# Task requirements
Needed from the data below: every line from the one with "line L615 (-10.9816, -17.9194)" up to and including the one with "line L617 (11.0218, -17.9208)", repeated exactly and with nothing else.

[Dataset items]
-=-=-

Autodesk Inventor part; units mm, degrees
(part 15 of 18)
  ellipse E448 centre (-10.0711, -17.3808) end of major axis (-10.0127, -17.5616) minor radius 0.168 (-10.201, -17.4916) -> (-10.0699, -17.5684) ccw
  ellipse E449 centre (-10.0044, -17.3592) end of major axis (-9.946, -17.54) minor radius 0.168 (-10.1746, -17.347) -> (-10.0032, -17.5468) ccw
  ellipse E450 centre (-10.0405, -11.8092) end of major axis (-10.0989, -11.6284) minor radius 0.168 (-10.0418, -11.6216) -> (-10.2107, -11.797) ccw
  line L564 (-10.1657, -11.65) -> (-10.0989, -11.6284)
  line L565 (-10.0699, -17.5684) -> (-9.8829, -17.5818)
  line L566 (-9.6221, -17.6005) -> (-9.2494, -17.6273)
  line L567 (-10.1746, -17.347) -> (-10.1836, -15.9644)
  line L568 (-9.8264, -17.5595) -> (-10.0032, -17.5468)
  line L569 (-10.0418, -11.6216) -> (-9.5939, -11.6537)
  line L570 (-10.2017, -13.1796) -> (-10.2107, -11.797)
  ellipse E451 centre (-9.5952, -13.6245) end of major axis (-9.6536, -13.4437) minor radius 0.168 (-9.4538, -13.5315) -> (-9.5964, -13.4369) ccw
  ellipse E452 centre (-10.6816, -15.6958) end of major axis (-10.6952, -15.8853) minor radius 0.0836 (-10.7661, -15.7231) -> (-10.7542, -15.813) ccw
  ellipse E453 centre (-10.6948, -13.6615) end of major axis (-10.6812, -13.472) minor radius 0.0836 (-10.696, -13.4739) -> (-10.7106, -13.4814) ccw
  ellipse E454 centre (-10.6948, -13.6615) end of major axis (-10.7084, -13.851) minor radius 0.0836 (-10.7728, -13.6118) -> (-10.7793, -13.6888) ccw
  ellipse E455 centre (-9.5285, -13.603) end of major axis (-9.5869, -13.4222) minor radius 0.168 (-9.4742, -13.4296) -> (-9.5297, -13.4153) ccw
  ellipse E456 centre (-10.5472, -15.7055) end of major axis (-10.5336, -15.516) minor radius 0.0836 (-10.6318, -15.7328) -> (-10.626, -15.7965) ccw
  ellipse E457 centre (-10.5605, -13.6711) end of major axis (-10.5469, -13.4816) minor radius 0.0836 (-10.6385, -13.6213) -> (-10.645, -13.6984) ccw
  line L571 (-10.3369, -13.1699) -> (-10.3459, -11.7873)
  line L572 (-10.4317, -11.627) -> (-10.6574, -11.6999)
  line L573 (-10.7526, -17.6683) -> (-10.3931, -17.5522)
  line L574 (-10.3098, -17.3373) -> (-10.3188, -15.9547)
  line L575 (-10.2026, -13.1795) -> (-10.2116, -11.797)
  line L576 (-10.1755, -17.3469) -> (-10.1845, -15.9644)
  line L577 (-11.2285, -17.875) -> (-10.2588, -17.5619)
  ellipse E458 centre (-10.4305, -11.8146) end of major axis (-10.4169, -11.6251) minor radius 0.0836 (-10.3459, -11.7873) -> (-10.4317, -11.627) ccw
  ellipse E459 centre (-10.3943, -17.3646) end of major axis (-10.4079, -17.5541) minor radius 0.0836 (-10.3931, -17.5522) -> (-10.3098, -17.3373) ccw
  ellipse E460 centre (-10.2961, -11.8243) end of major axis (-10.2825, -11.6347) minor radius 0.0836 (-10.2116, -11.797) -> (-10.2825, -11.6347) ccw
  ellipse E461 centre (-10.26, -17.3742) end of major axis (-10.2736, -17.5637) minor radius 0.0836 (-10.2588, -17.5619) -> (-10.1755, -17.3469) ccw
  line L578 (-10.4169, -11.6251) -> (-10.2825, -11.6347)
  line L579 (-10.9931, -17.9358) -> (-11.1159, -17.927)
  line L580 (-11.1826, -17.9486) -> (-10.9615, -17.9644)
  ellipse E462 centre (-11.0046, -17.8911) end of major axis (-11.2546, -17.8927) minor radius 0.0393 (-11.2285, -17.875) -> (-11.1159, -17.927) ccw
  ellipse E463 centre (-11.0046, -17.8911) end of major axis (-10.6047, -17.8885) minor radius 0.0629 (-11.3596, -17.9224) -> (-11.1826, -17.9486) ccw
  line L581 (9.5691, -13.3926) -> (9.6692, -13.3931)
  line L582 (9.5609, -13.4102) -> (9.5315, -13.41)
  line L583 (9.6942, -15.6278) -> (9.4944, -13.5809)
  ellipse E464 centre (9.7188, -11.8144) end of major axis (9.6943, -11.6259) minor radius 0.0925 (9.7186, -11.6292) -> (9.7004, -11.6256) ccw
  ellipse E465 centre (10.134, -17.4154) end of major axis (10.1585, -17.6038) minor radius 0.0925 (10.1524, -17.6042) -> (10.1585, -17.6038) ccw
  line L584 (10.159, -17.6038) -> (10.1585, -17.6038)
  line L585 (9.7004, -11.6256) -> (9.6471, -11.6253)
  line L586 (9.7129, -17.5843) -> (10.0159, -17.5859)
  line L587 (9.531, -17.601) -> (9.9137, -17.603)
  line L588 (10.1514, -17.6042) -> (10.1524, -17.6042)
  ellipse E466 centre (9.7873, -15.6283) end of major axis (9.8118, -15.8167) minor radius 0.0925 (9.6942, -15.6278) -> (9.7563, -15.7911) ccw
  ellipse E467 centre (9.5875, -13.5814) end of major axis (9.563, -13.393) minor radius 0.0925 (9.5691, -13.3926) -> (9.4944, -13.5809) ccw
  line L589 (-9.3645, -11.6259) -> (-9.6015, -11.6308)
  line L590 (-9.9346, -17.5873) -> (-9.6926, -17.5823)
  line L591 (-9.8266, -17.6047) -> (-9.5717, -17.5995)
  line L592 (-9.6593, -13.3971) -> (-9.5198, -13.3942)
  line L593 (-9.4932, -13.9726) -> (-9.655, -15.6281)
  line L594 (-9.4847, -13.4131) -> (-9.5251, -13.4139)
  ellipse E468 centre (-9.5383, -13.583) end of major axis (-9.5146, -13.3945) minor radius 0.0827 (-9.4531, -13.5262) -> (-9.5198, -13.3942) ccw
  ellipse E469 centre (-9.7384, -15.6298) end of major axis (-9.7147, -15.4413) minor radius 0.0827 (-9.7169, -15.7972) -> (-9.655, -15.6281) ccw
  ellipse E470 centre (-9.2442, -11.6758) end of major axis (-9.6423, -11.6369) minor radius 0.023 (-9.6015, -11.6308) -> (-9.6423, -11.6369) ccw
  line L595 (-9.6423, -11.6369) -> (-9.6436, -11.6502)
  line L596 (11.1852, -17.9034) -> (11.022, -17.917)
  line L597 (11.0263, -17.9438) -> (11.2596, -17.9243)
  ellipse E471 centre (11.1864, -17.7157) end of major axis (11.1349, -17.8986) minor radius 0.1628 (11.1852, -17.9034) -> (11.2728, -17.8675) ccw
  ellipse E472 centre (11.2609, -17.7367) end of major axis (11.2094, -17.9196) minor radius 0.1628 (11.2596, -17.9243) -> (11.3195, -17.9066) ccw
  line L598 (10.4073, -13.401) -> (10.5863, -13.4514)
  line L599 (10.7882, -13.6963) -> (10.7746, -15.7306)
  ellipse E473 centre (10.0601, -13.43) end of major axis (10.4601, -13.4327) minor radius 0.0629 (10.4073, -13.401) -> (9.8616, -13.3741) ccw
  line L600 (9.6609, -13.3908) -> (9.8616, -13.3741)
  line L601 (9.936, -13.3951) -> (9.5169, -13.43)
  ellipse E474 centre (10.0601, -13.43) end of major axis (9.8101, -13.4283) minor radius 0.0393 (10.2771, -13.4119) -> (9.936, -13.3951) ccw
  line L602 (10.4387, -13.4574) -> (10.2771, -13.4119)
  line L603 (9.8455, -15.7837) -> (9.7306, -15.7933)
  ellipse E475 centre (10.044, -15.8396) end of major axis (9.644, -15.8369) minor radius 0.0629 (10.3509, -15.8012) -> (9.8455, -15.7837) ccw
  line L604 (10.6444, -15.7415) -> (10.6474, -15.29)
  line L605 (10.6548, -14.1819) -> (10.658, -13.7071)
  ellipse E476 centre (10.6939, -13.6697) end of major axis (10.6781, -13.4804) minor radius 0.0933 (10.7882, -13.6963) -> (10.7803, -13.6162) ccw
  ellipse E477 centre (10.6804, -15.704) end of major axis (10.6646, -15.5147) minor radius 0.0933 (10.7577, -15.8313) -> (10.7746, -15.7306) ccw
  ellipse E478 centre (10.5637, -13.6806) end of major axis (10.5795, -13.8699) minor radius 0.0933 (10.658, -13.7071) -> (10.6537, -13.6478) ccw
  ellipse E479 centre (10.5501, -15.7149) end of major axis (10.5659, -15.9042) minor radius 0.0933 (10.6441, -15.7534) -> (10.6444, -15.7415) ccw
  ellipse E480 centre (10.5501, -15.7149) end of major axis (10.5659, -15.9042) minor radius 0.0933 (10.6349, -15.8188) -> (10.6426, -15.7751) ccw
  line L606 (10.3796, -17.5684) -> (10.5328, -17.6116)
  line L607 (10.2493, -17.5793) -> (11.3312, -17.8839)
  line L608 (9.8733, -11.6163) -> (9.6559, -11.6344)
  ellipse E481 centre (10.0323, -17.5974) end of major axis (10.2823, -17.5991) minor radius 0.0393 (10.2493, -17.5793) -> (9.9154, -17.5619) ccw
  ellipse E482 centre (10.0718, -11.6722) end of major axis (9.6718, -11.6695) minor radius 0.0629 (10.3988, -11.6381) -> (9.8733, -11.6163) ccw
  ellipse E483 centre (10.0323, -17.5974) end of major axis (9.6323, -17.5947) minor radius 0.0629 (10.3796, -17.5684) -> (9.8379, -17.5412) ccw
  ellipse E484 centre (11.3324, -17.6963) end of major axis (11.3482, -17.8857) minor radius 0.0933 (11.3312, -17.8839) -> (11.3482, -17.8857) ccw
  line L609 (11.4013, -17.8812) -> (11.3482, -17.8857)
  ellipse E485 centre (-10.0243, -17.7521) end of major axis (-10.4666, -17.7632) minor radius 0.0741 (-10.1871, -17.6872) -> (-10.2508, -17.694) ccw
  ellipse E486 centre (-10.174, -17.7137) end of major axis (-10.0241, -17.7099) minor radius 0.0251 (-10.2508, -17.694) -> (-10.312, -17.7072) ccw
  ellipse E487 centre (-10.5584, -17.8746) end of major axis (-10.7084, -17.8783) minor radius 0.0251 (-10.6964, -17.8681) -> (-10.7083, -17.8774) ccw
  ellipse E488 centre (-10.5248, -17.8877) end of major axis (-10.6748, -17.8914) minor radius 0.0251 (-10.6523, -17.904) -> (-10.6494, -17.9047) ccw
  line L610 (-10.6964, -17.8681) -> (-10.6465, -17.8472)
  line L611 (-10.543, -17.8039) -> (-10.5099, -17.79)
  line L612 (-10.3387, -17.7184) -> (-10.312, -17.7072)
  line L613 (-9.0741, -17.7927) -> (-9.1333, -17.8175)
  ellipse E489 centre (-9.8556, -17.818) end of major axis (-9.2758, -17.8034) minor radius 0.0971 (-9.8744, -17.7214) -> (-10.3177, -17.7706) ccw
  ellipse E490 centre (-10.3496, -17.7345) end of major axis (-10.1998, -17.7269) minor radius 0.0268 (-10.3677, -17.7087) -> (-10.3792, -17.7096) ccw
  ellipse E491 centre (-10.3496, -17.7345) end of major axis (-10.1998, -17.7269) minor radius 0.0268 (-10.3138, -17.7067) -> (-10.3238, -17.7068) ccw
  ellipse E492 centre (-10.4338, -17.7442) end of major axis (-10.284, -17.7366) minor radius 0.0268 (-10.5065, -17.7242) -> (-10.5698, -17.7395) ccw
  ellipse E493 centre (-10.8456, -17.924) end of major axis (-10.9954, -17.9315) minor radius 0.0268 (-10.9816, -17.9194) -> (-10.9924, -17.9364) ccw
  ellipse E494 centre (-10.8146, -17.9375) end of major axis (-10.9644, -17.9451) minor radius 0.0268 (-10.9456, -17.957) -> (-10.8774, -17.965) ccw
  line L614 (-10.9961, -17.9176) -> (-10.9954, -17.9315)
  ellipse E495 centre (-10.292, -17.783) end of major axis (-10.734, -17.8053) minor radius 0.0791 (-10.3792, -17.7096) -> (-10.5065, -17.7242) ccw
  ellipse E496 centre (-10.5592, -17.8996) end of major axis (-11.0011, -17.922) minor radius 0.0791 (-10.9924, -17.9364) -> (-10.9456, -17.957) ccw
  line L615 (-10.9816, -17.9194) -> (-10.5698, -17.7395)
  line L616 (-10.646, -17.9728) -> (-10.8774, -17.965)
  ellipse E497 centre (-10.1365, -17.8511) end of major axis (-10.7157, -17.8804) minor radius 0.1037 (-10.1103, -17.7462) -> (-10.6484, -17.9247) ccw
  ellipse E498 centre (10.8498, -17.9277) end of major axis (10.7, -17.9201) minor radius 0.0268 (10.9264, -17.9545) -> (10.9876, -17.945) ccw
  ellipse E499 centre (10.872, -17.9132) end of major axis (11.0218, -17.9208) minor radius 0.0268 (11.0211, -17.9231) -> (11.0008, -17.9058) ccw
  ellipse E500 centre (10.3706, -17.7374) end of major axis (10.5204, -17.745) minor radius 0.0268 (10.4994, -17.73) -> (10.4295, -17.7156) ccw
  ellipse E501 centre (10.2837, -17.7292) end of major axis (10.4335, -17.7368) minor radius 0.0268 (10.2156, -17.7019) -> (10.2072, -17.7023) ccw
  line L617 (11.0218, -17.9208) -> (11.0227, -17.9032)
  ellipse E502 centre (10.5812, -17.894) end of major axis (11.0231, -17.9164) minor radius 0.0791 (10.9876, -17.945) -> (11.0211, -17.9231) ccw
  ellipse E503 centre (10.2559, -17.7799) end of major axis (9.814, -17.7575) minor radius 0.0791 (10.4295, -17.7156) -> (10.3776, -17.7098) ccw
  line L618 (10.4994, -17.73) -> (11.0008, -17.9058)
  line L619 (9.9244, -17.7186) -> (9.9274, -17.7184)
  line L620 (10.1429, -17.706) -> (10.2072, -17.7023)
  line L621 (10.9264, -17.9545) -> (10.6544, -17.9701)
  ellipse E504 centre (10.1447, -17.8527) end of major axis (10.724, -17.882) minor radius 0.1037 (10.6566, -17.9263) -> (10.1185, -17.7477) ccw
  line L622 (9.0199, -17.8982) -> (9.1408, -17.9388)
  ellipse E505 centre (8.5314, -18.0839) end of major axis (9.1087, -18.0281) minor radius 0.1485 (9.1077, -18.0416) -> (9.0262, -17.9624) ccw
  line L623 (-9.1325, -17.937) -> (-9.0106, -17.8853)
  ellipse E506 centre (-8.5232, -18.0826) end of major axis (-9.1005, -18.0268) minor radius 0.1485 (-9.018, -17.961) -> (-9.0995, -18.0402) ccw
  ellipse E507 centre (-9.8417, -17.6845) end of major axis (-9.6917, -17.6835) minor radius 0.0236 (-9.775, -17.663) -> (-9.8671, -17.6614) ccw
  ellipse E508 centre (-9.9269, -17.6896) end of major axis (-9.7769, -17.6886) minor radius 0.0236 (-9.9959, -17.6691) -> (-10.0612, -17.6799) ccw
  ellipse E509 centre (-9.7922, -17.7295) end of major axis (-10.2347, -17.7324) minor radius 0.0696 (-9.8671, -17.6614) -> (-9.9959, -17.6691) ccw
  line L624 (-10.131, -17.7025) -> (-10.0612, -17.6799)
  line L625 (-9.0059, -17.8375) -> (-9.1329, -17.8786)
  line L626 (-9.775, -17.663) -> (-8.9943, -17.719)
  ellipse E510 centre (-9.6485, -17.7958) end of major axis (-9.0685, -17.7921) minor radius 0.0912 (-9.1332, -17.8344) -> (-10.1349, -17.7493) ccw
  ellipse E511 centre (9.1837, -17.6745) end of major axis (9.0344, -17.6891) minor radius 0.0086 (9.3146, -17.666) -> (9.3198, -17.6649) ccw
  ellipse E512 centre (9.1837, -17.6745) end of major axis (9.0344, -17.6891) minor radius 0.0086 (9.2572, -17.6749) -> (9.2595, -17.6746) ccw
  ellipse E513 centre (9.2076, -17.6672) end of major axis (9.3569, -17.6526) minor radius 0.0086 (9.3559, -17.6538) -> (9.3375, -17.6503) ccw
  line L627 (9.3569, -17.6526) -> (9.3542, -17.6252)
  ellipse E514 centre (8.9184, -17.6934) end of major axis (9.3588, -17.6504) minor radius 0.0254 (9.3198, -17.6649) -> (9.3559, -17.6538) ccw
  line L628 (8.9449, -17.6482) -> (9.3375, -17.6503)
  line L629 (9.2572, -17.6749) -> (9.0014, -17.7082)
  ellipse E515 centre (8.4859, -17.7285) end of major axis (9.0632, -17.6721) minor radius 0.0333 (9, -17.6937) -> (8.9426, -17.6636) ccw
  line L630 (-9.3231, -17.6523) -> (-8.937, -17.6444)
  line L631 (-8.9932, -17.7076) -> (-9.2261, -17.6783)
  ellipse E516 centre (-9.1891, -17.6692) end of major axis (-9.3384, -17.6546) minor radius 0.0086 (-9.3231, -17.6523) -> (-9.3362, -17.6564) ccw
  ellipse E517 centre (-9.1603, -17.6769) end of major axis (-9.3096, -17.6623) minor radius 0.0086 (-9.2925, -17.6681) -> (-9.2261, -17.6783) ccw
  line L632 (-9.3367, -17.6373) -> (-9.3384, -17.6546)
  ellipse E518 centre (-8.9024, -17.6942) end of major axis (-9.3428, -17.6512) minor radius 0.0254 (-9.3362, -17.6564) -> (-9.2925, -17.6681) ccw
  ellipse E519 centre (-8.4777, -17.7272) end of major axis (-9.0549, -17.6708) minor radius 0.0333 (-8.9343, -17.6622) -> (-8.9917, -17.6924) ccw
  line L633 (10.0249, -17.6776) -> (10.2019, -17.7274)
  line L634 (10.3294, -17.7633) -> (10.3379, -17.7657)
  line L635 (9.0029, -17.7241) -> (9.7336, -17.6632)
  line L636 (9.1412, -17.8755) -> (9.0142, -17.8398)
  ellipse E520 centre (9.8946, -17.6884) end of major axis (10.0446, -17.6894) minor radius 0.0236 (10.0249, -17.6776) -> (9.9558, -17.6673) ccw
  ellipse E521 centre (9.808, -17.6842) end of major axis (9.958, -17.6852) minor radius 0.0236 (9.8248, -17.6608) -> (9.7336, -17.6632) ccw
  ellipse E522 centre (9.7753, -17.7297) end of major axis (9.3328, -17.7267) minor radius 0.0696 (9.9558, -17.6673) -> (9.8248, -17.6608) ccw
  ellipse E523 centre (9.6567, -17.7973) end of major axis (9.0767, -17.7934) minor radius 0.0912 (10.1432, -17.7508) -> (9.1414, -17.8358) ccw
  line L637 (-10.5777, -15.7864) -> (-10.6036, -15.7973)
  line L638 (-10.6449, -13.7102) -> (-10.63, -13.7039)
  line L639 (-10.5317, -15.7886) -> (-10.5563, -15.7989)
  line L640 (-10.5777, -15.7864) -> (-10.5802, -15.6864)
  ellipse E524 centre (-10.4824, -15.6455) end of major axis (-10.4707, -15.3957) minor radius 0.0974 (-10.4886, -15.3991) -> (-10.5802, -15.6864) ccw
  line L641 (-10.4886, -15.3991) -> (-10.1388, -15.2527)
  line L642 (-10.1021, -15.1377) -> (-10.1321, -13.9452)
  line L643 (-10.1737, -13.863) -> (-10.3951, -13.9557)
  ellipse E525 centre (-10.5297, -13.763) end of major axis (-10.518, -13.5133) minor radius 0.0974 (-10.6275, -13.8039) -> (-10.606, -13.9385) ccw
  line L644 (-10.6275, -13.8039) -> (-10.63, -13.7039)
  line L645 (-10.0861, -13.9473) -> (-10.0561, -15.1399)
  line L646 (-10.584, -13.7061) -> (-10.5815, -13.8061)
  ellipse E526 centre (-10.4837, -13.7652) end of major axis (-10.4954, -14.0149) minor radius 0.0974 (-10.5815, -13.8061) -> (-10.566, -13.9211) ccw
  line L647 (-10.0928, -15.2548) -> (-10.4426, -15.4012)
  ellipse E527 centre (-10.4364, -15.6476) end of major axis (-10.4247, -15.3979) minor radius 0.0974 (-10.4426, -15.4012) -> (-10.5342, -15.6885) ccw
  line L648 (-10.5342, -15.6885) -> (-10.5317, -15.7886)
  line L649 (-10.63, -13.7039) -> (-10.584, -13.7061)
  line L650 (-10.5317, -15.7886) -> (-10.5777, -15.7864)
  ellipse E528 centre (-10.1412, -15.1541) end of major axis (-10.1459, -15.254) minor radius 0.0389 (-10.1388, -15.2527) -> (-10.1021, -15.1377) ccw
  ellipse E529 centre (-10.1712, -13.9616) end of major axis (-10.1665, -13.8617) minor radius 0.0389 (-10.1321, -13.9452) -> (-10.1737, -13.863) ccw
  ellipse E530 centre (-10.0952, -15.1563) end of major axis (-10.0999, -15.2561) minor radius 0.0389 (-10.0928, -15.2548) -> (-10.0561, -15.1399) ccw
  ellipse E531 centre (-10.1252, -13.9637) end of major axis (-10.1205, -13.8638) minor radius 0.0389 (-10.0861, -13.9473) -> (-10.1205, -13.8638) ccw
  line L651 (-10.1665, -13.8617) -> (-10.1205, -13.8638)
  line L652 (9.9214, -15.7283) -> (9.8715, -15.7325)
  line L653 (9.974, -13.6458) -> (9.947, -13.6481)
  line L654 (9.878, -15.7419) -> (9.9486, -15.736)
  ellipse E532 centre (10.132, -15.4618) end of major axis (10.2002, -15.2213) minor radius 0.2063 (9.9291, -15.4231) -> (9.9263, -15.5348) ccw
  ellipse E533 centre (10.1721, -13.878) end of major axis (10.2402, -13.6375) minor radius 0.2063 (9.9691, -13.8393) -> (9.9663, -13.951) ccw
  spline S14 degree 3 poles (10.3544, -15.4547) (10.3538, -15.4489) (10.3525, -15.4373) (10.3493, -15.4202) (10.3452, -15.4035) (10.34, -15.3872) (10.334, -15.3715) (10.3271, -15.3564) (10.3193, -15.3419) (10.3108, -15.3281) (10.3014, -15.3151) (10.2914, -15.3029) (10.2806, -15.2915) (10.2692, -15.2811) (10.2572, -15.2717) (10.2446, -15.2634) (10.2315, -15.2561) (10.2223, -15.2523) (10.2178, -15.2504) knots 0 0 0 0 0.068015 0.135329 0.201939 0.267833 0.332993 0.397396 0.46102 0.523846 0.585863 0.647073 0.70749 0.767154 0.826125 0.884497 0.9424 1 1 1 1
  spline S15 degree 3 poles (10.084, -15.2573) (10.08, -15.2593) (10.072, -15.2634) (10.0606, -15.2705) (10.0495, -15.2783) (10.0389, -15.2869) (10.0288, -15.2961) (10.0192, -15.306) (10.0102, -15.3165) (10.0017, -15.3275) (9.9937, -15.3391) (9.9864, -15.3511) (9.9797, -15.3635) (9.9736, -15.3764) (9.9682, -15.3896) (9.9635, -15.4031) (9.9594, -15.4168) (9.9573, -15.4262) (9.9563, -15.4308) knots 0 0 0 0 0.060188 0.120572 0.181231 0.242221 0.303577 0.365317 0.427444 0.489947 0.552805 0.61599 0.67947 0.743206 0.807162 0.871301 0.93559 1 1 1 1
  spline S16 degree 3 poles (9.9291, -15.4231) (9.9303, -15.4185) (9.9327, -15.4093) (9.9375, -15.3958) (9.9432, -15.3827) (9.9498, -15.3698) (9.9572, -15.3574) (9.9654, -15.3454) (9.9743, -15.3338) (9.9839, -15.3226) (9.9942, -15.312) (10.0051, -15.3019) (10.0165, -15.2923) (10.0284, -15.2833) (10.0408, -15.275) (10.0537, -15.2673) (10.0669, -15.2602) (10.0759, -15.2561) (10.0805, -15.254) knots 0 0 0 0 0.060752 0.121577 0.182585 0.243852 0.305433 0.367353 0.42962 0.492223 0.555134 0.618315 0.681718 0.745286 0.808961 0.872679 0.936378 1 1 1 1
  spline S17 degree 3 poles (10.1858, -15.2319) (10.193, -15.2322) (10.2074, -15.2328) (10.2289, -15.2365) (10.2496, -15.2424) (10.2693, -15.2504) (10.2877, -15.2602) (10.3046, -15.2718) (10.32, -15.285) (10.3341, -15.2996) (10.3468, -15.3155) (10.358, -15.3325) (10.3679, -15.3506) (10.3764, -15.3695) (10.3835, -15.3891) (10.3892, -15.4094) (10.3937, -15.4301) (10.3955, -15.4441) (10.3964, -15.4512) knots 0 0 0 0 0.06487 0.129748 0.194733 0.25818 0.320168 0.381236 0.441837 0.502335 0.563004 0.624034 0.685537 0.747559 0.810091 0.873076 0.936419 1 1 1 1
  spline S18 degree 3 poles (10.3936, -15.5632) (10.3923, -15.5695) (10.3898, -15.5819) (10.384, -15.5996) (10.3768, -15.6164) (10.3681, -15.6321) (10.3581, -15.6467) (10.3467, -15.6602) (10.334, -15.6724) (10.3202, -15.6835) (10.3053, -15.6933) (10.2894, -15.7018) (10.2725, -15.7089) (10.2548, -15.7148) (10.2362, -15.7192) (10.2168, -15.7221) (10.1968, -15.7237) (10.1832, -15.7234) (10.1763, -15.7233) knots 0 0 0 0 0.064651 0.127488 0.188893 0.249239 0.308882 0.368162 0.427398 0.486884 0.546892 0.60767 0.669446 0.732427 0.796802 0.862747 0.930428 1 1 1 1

-=-=-

# Output
  line L615 (-10.9816, -17.9194) -> (-10.5698, -17.7395)
  line L616 (-10.646, -17.9728) -> (-10.8774, -17.965)
  ellipse E497 centre (-10.1365, -17.8511) end of major axis (-10.7157, -17.8804) minor radius 0.1037 (-10.1103, -17.7462) -> (-10.6484, -17.9247) ccw
  ellipse E498 centre (10.8498, -17.9277) end of major axis (10.7, -17.9201) minor radius 0.0268 (10.9264, -17.9545) -> (10.9876, -17.945) ccw
  ellipse E499 centre (10.872, -17.9132) end of major axis (11.0218, -17.9208) minor radius 0.0268 (11.0211, -17.9231) -> (11.0008, -17.9058) ccw
  ellipse E500 centre (10.3706, -17.7374) end of major axis (10.5204, -17.745) minor radius 0.0268 (10.4994, -17.73) -> (10.4295, -17.7156) ccw
  ellipse E501 centre (10.2837, -17.7292) end of major axis (10.4335, -17.7368) minor radius 0.0268 (10.2156, -17.7019) -> (10.2072, -17.7023) ccw
  line L617 (11.0218, -17.9208) -> (11.0227, -17.9032)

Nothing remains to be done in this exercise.